Future Planning: There are countless stories of founders that sold the family business under structures that were inefficient for the sellers. Many founders are wary of a sale because they want to avoid: huge, unexpected tax bills; inadequate wealth for the family’s long-term needs; mistimed sale; undervaluing the company; and other mistakes. A founder is usually the patriarch or matriarch of the family and feels responsible for ensuring that immediate family members and future generations benefit from the transaction to the greatest degree possible. The best investors that I know have a gift for structuring deals carefully with full consideration of the family’s concerns and even for future generations. If there is any doubt whether the deal may expose the family to a surprise tax penalty, cuts the family out of future gains, or undervalues the company in any way, the owner will likely lose sleep until he or she ultimately nixes the deal.
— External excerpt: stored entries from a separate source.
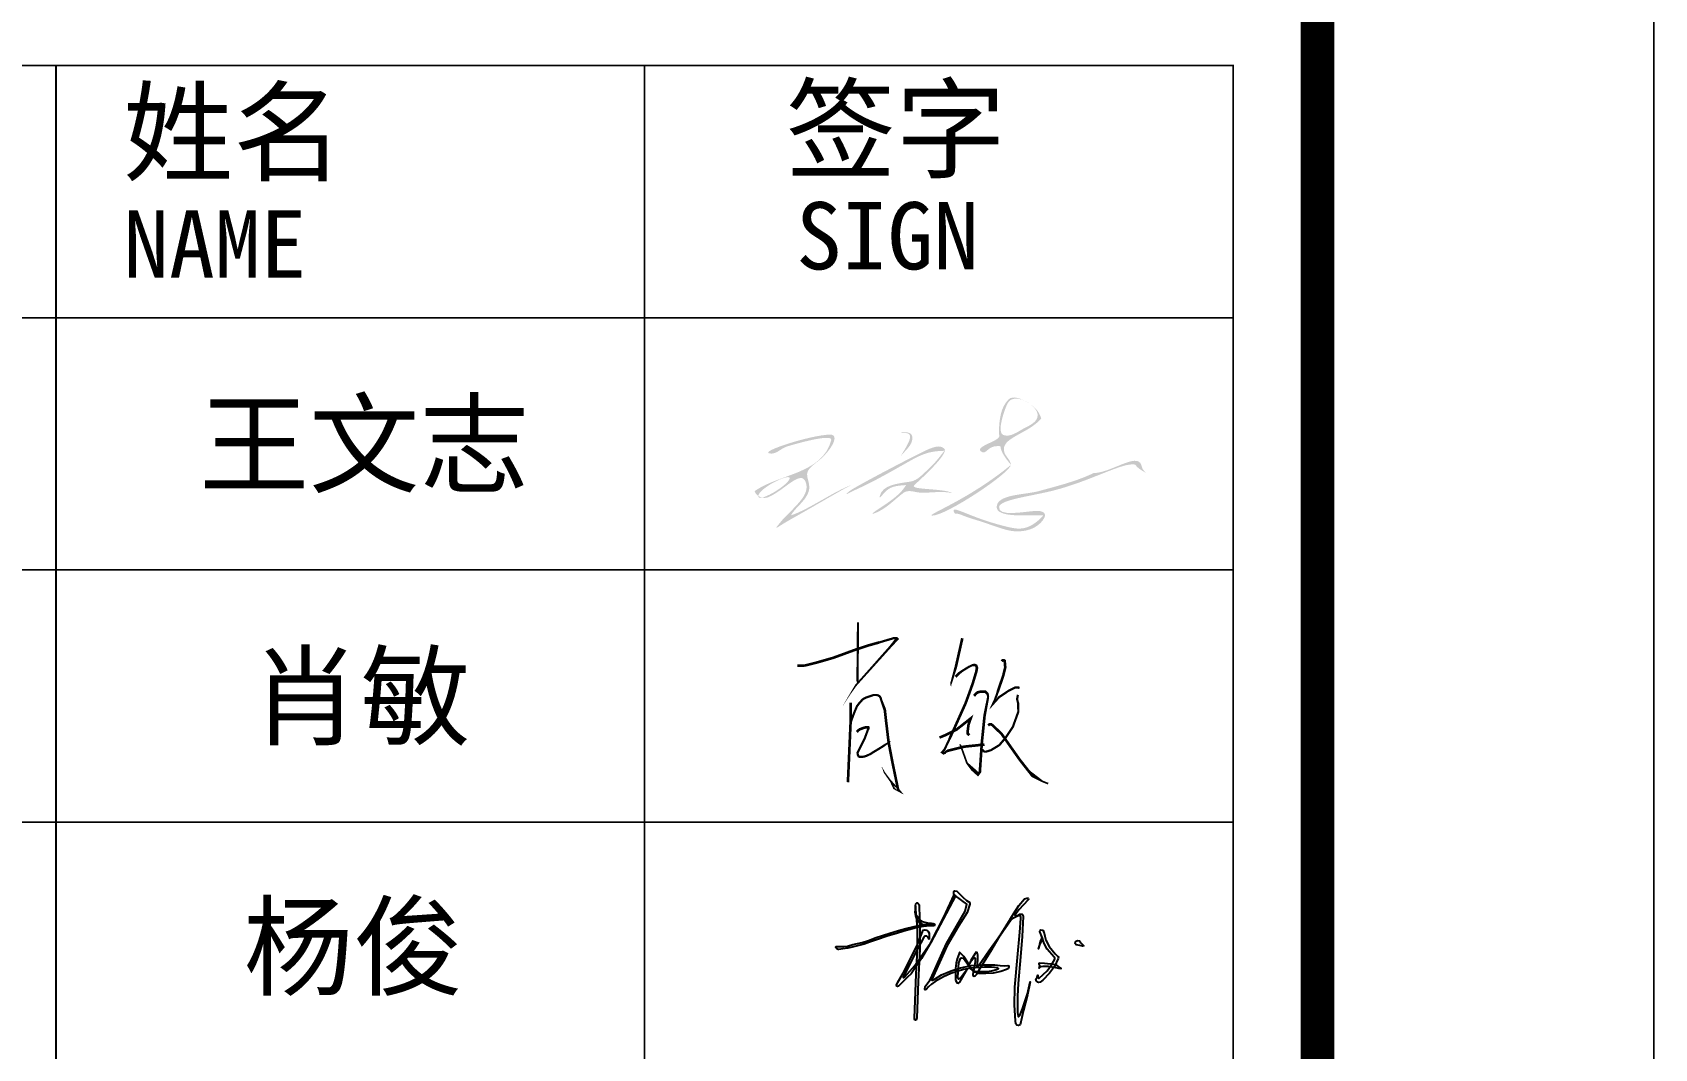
# Model space of a CAD drawing. Extents: x 332286 to 1463507, y -720758 to 86974.
# Drawn here: x 1289585 to 1294407, y -407334 to -404311 of the extents above; entities that cross this region are included whole.
import ezdxf
from ezdxf.enums import TextEntityAlignment as Align

# ---------------------------------------------------------------- set-up
doc = ezdxf.new("R2010")
doc.units = 0
doc.header["$LTSCALE"] = 1000
doc.header["$MEASUREMENT"] = 0
doc.layers.get('0').update_dxf_attribs({"linetype": 'CONTINUOUS'})
for name, color, linetype in [('SHEET_LINE', 6, 'CONTINUOUS'), ('TWT_TITLE', 7, 'CONTINUOUS'), ('水专业电子签名', 7, 'CONTINUOUS')]:
    doc.layers.add(name, color=color, linetype=linetype)
doc.styles.add('X-104 9#平面绑定$0$图签信息$0$华文细黑', font='STXIHEI.TTF', dxfattribs={"height": 10})
doc.styles.add('华文细黑', font='STXIHEI.TTF', dxfattribs={"width": 0.7, "height": 10})
pattern_1 = [(45, (-849.99, -261.96), (-112.253, 112.253), [])]

# ---------------------------------------------------------------- blocks, each defined once
blk = doc.blocks.new('X-104 9#平面绑定$0$图签信息')
at = {"const_width": 0.5}
blk.add_lwpolyline([(-65, 0), (0, 0), (0, 500.5), (-65, 500.5)], close=True, dxfattribs=at)
at = {"const_width": 0.05}
for points in [[(-62.5, 103.262), (-2.5, 103.262), (-2.5, 163.262), (-62.5, 163.262), (-62.5, 103.262)], [(-37.5, 163.262), (-37.5, 103.262)], [(-20, 163.262), (-20, 103.262)], [(-62.5, 155.762), (-2.5, 155.762)], [(-62.5, 148.262), (-2.5, 148.262)], [(-62.5, 140.762), (-2.5, 140.762)]]:
    blk.add_lwpolyline(points, dxfattribs=at)
at = {"style": 'X-104 9#平面绑定$0$图签信息$0$华文细黑'}
for s, height, p in [('姓名', 2.4, (-35.504, 162.474)), ('签字', 2.4, (-15.806, 162.568)), ('SIGN', 2, (-15.5, 159.201)), ('NAME', 2, (-35.5, 158.956))]:
    blk.add_text(s, height=height, dxfattribs=at).set_placement(p, align=Align.TOP_LEFT)
blk = doc.blocks.new('X-104 9#平面绑定$0$图签-A1')
blk.add_blockref('X-104 9#平面绑定$0$图签信息', (0, 0))
blk = doc.blocks.new('A$C42885E76')
h = blk.add_hatch(color=256)
edge = h.paths.add_edge_path()
edge.add_spline(control_points=[(-53.55, 19.03), (-54.59, 19.03), (-50.77, 19.97), (-50.91, 17.71)], knot_values=[0, 0, 0, 0, 1, 1, 1, 1], degree=3, periodic=0)
edge.add_spline(control_points=[(-50.91, 17.71), (-51.02, 15.98), (-52.51, 14.85), (-53.53, 13.63)], knot_values=[0, 0, 0, 0, 1, 1, 1, 1], degree=3, periodic=0)
edge.add_spline(control_points=[(-53.53, 13.63), (-54.51, 12.47), (-51.76, 16.21), (-51.54, 17.74)], knot_values=[0, 0, 0, 0, 1, 1, 1, 1], degree=3, periodic=0)
edge.add_spline(control_points=[(-51.54, 17.74), (-51.34, 19.07), (-52.21, 19.02), (-53.55, 19.03)], knot_values=[0, 0, 0, 0, 1, 1, 1, 1], degree=3, periodic=0)
edge = h.paths.add_edge_path(flags=16)
edge.add_spline(control_points=[(-89.1, 3.47), (-89.36, 1.49), (-81.97, 5.85), (-81.37, 7.64)], knot_values=[0, 0, 0, 0, 1, 1, 1, 1], degree=3, periodic=0)
edge.add_spline(control_points=[(-81.37, 7.64), (-80.78, 9.42), (-88.84, 5.44), (-89.1, 3.47)], knot_values=[0, 0, 0, 0, 1, 1, 1, 1], degree=3, periodic=0)
edge = h.paths.add_edge_path()
edge.add_spline(control_points=[(-81.43, -2.59), (-71.62, 2.97), (-67.84, 5.31), (-66.02, 6.11)], knot_values=[0, 0, 0, 0, 1, 1, 1, 1], degree=3, periodic=0)
edge.add_spline(control_points=[(-66.02, 6.11), (-69.99, 4.81), (-76.71, -0.04), (-81.02, -1.39)], knot_values=[0, 0, 0, 0, 1, 1, 1, 1], degree=3, periodic=0)
edge.add_spline(control_points=[(-81.02, -1.39), (-80, 0.38), (-78.23, 1.58), (-77.23, 3.25)], knot_values=[0, 0, 0, 0, 1, 1, 1, 1], degree=3, periodic=0)
edge.add_spline(control_points=[(-77.23, 3.25), (-76.1, 5.15), (-76.44, 6.01), (-76.96, 8.12)], knot_values=[0, 0, 0, 0, 1, 1, 1, 1], degree=3, periodic=0)
edge.add_spline(control_points=[(-76.96, 8.12), (-77.49, 10.29), (-74.89, 11.27), (-73.04, 13.14)], knot_values=[0, 0, 0, 0, 1, 1, 1, 1], degree=3, periodic=0)
edge.add_spline(control_points=[(-73.04, 13.14), (-70.19, 16.02), (-69.23, 18.75), (-71.41, 18.64)], knot_values=[0, 0, 0, 0, 1, 1, 1, 1], degree=3, periodic=0)
edge.add_spline(control_points=[(-71.41, 18.64), (-76.66, 18.37), (-88.23, 14.55), (-86.51, 14.01)], knot_values=[0, 0, 0, 0, 1, 1, 1, 1], degree=3, periodic=0)
edge.add_spline(control_points=[(-86.51, 14.01), (-84.82, 13.48), (-83.6, 15.16), (-82.07, 15.65)], knot_values=[0, 0, 0, 0, 1, 1, 1, 1], degree=3, periodic=0)
edge.add_spline(control_points=[(-82.07, 15.65), (-80.41, 16.18), (-70.58, 19.02), (-71.04, 17.25)], knot_values=[0, 0, 0, 0, 1, 1, 1, 1], degree=3, periodic=0)
edge.add_spline(control_points=[(-71.04, 17.25), (-73.21, 8.83), (-84.01, 8.9), (-90.02, 4.61)], knot_values=[0, 0, 0, 0, 1, 1, 1, 1], degree=3, periodic=0)
edge.add_spline(control_points=[(-90.02, 4.61), (-89.67, 3.32), (-87.82, 2.54), (-86.55, 3.13)], knot_values=[0, 0, 0, 0, 1, 1, 1, 1], degree=3, periodic=0)
edge.add_spline(control_points=[(-86.55, 3.13), (-84.65, 4.01), (-83.17, 5.23), (-81.46, 6.46)], knot_values=[0, 0, 0, 0, 1, 1, 1, 1], degree=3, periodic=0)
edge.add_spline(control_points=[(-81.46, 6.46), (-78.66, 8.47), (-77.91, 8.03), (-77.42, 6.96)], knot_values=[0, 0, 0, 0, 1, 1, 1, 1], degree=3, periodic=0)
edge.add_spline(control_points=[(-77.42, 6.96), (-76.64, 5.28), (-77.58, 3.56), (-78.66, 2.22)], knot_values=[0, 0, 0, 0, 1, 1, 1, 1], degree=3, periodic=0)
edge.add_spline(control_points=[(-78.66, 2.22), (-80.19, 0.32), (-82.26, -1.43), (-83.48, -2.93)], knot_values=[0, 0, 0, 0, 1, 1, 1, 1], degree=3, periodic=0)
edge.add_spline(control_points=[(-83.48, -2.93), (-85.61, -5.54), (-84.79, -4.5), (-81.43, -2.59)], knot_values=[0, 0, 0, 0, 1, 1, 1, 1], degree=3, periodic=0)
edge = h.paths.add_edge_path()
edge.add_spline(control_points=[(-49, 4.24), (-46.55, 4.11), (-43.58, 4.74), (-41.01, 4.11)], knot_values=[0, 0, 0, 0, 1, 1, 1, 1], degree=3, periodic=0)
edge.add_spline(control_points=[(-41.01, 4.11), (-43.01, 5.35), (-51.74, 4.87), (-50.48, 6.08)], knot_values=[0, 0, 0, 0, 1, 1, 1, 1], degree=3, periodic=0)
edge.add_spline(control_points=[(-50.48, 6.08), (-49.36, 7.13), (-41.75, 13.93), (-43.02, 15.13)], knot_values=[0, 0, 0, 0, 1, 1, 1, 1], degree=3, periodic=0)
edge.add_spline(control_points=[(-43.02, 15.13), (-44.12, 16.18), (-45.71, 15.48), (-46.96, 14.99)], knot_values=[0, 0, 0, 0, 1, 1, 1, 1], degree=3, periodic=0)
edge.add_spline(control_points=[(-46.96, 14.99), (-48.63, 14.33), (-65.1, 5.76), (-66.49, 4.63)], knot_values=[0, 0, 0, 0, 1, 1, 1, 1], degree=3, periodic=0)
edge.add_spline(control_points=[(-66.49, 4.63), (-68.44, 3.05), (-66.34, 4.33), (-64.97, 4.96)], knot_values=[0, 0, 0, 0, 1, 1, 1, 1], degree=3, periodic=0)
edge.add_spline(control_points=[(-64.97, 4.96), (-63.2, 5.78), (-61.66, 6.51), (-60.14, 7.32)], knot_values=[0, 0, 0, 0, 1, 1, 1, 1], degree=3, periodic=0)
edge.add_spline(control_points=[(-60.14, 7.32), (-49.61, 12.89), (-48.88, 14.48), (-43.01, 14.61)], knot_values=[0, 0, 0, 0, 1, 1, 1, 1], degree=3, periodic=0)
edge.add_spline(control_points=[(-43.01, 14.61), (-44.16, 13.1), (-45.51, 11.38), (-46.97, 10.06)], knot_values=[0, 0, 0, 0, 1, 1, 1, 1], degree=3, periodic=0)
edge.add_spline(control_points=[(-46.97, 10.06), (-48.35, 8.83), (-49.64, 7.21), (-51.57, 6.94)], knot_values=[0, 0, 0, 0, 1, 1, 1, 1], degree=3, periodic=0)
edge.add_spline(control_points=[(-51.57, 6.94), (-54.37, 6.54), (-58.46, 6.16), (-59.01, 3.37)], knot_values=[0, 0, 0, 0, 1, 1, 1, 1], degree=3, periodic=0)
edge.add_spline(control_points=[(-59.01, 3.37), (-59.22, 2.3), (-58.03, 4.38), (-56.76, 5.17)], knot_values=[0, 0, 0, 0, 1, 1, 1, 1], degree=3, periodic=0)
edge.add_spline(control_points=[(-56.76, 5.17), (-55.48, 5.97), (-53.96, 6), (-52.51, 6.11)], knot_values=[0, 0, 0, 0, 1, 1, 1, 1], degree=3, periodic=0)
edge.add_spline(control_points=[(-52.51, 6.11), (-53.46, 4.42), (-55.03, 3.2), (-56.5, 2.1)], knot_values=[0, 0, 0, 0, 1, 1, 1, 1], degree=3, periodic=0)
edge.add_spline(control_points=[(-56.5, 2.1), (-57.67, 1.22), (-62.15, -1.51), (-60.5, -0.96)], knot_values=[0, 0, 0, 0, 1, 1, 1, 1], degree=3, periodic=0)
edge.add_spline(control_points=[(-60.5, -0.96), (-57.56, 0.03), (-55.26, 2.65), (-53.12, 4.2)], knot_values=[0, 0, 0, 0, 1, 1, 1, 1], degree=3, periodic=0)
edge.add_spline(control_points=[(-53.12, 4.2), (-51.89, 5.09), (-50.29, 4.3), (-49, 4.24)], knot_values=[0, 0, 0, 0, 1, 1, 1, 1], degree=3, periodic=0)
edge = h.paths.add_edge_path()
edge.add_spline(control_points=[(-28.16, 14.25), (-29.24, 17.9), (-22.33, 18.7), (-19, 22.61)], knot_values=[0, 0, 0, 0, 1, 1, 1, 1], degree=3, periodic=0)
edge.add_spline(control_points=[(-19, 22.61), (-19.58, 24.38), (-20.48, 25.47), (-22.48, 26.63)], knot_values=[0, 0, 0, 0, 1, 1, 1, 1], degree=3, periodic=0)
edge.add_spline(control_points=[(-22.48, 26.63), (-23.9, 27.46), (-26.02, 28.46), (-27.14, 27.31)], knot_values=[0, 0, 0, 0, 1, 1, 1, 1], degree=3, periodic=0)
edge.add_spline(control_points=[(-27.14, 27.31), (-29.1, 25.29), (-29.37, 22.38), (-29.49, 19.61)], knot_values=[0, 0, 0, 0, 1, 1, 1, 1], degree=3, periodic=0)
edge.add_spline(control_points=[(-29.49, 19.61), (-29.55, 18.13), (-28.95, 18.25), (-30.15, 17.39)], knot_values=[0, 0, 0, 0, 1, 1, 1, 1], degree=3, periodic=0)
edge.add_spline(control_points=[(-30.15, 17.39), (-31.18, 16.66), (-35.04, 15.47), (-34.05, 14.55)], knot_values=[0, 0, 0, 0, 1, 1, 1, 1], degree=3, periodic=0)
edge.add_spline(control_points=[(-34.05, 14.55), (-32.69, 13.28), (-32.42, 15.77), (-29.97, 15.77)], knot_values=[0, 0, 0, 0, 1, 1, 1, 1], degree=3, periodic=0)
edge.add_spline(control_points=[(-29.97, 15.77), (-27.98, 15.77), (-30.66, 16.01), (-26.51, 11.11)], knot_values=[0, 0, 0, 0, 1, 1, 1, 1], degree=3, periodic=0)
edge.add_spline(control_points=[(-26.51, 11.11), (-37.22, 2.28), (-47.95, -1.45), (-46, -1.46)], knot_values=[0, 0, 0, 0, 1, 1, 1, 1], degree=3, periodic=0)
edge.add_spline(control_points=[(-46, -1.46), (-42.59, -1.49), (-26.45, 9.26), (-26.54, 11.16)], knot_values=[0, 0, 0, 0, 1, 1, 1, 1], degree=3, periodic=0)
edge.add_spline(control_points=[(-26.54, 11.16), (-26.61, 12.38), (-27.83, 13.15), (-28.16, 14.25)], knot_values=[0, 0, 0, 0, 1, 1, 1, 1], degree=3, periodic=0)
edge = h.paths.add_edge_path()
edge.add_spline(control_points=[(-23.46, 20.07), (-21.99, 20.86), (-19.81, 21.7), (-19.89, 23.53)], knot_values=[0, 0, 0, 0, 1, 1, 1, 1], degree=3, periodic=0)
edge.add_spline(control_points=[(-19.89, 23.53), (-20.01, 25.94), (-25.66, 29.27), (-27.26, 26.49)], knot_values=[0, 0, 0, 0, 1, 1, 1, 1], degree=3, periodic=0)
edge.add_spline(control_points=[(-27.26, 26.49), (-28.15, 24.93), (-30.09, 19.1), (-28.43, 18.53)], knot_values=[0, 0, 0, 0, 1, 1, 1, 1], degree=3, periodic=0)
edge.add_spline(control_points=[(-28.43, 18.53), (-26.61, 17.9), (-24.97, 19.26), (-23.46, 20.07)], knot_values=[0, 0, 0, 0, 1, 1, 1, 1], degree=3, periodic=0)
edge = h.paths.add_edge_path()
edge.add_spline(control_points=[(5.76, 11.12), (6.16, 9.84), (6.07, 10.08), (7, 9.11)], knot_values=[0, 0, 0, 0, 1, 1, 1, 1], degree=3, periodic=0)
edge.add_spline(control_points=[(7, 9.11), (3.55, 10.91), (5.04, 11.24), (3.58, 11.24)], knot_values=[0, 0, 0, 0, 1, 1, 1, 1], degree=3, periodic=0)
edge.add_spline(control_points=[(3.58, 11.24), (0.27, 11.24), (-6.87, 7.18), (-15.44, 4.9)], knot_values=[0, 0, 0, 0, 1, 1, 1, 1], degree=3, periodic=0)
edge.add_spline(control_points=[(-15.44, 4.9), (-21.1, 3.39), (-29.28, 2.54), (-29.46, 0.68)], knot_values=[0, 0, 0, 0, 1, 1, 1, 1], degree=3, periodic=0)
edge.add_spline(control_points=[(-29.46, 0.68), (-29.69, -1.79), (-23.56, -0.51), (-20.53, -0.3)], knot_values=[0, 0, 0, 0, 1, 1, 1, 1], degree=3, periodic=0)
edge.add_spline(control_points=[(-20.53, -0.3), (-18.92, -0.18), (-17.08, -0.67), (-18.7, -2.72)], knot_values=[0, 0, 0, 0, 1, 1, 1, 1], degree=3, periodic=0)
edge.add_spline(control_points=[(-18.7, -2.72), (-19.78, -4.08), (-21.37, -4.9), (-23.06, -5.2)], knot_values=[0, 0, 0, 0, 1, 1, 1, 1], degree=3, periodic=0)
edge.add_spline(control_points=[(-23.06, -5.2), (-26.96, -5.87), (-29.05, -4.4), (-35.53, -2.42)], knot_values=[0, 0, 0, 0, 1, 1, 1, 1], degree=3, periodic=0)
edge.add_spline(control_points=[(-35.53, -2.42), (-36.81, -2.03), (-37.92, -1.66), (-39.14, -1.13)], knot_values=[0, 0, 0, 0, 1, 1, 1, 1], degree=3, periodic=0)
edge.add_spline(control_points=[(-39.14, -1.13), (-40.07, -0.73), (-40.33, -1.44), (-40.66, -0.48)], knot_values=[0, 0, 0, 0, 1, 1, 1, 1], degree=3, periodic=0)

“Giving Your Daughter Away”: A founder of a food business compared the experience of selling his company to giving his daughter away. He felt uncomfortable parting with the company because he had invested significant time and energy into building the company. In some ways, the company represented his life’s work and he wanted to make sure that even if he sold his interest, the next owner would be just as passionate about the business. This may seem odd if an owner has sold his entire stake in the company, but many employees stay on through the deal, the founder’s name may still hang on the door, and there are a number of ties binding the founder to the business even after a sale. Buyers should keep in mind the personal attachment felt by an owner and take care to assuage any concerns about how the company would be managed post-closing.
A Perfect Fit: Many founders are waiting for a successor, whether in the family or from outside of it, who shares their ambitions and vision for the company. For too many owners, they are left waiting for decades before the perfect fit comes along. Ideally, the successor is within the family, but often the offer comes from a rival, investor, or an entrepreneur looking to carry on the owner’s legacy. I have heard many times from owners that they would be willing to take less from an acquirer that was the perfect match over a higher bid from a less suitable buyer. It can be hard to build rapport with an owner but great investors will go to exceptional lengths to visit with the owner, share their personal stories, and demonstrate why they would be a great candidate to buy the business.
In the end, buying and selling a business is about more than EBITDA multiples, after-tax proceeds, and other financial considerations. Any deal involving an owner or committed management team is about the legacy of the business, the years of personal investment in building the company, and the continuation of that tradition under new ownership.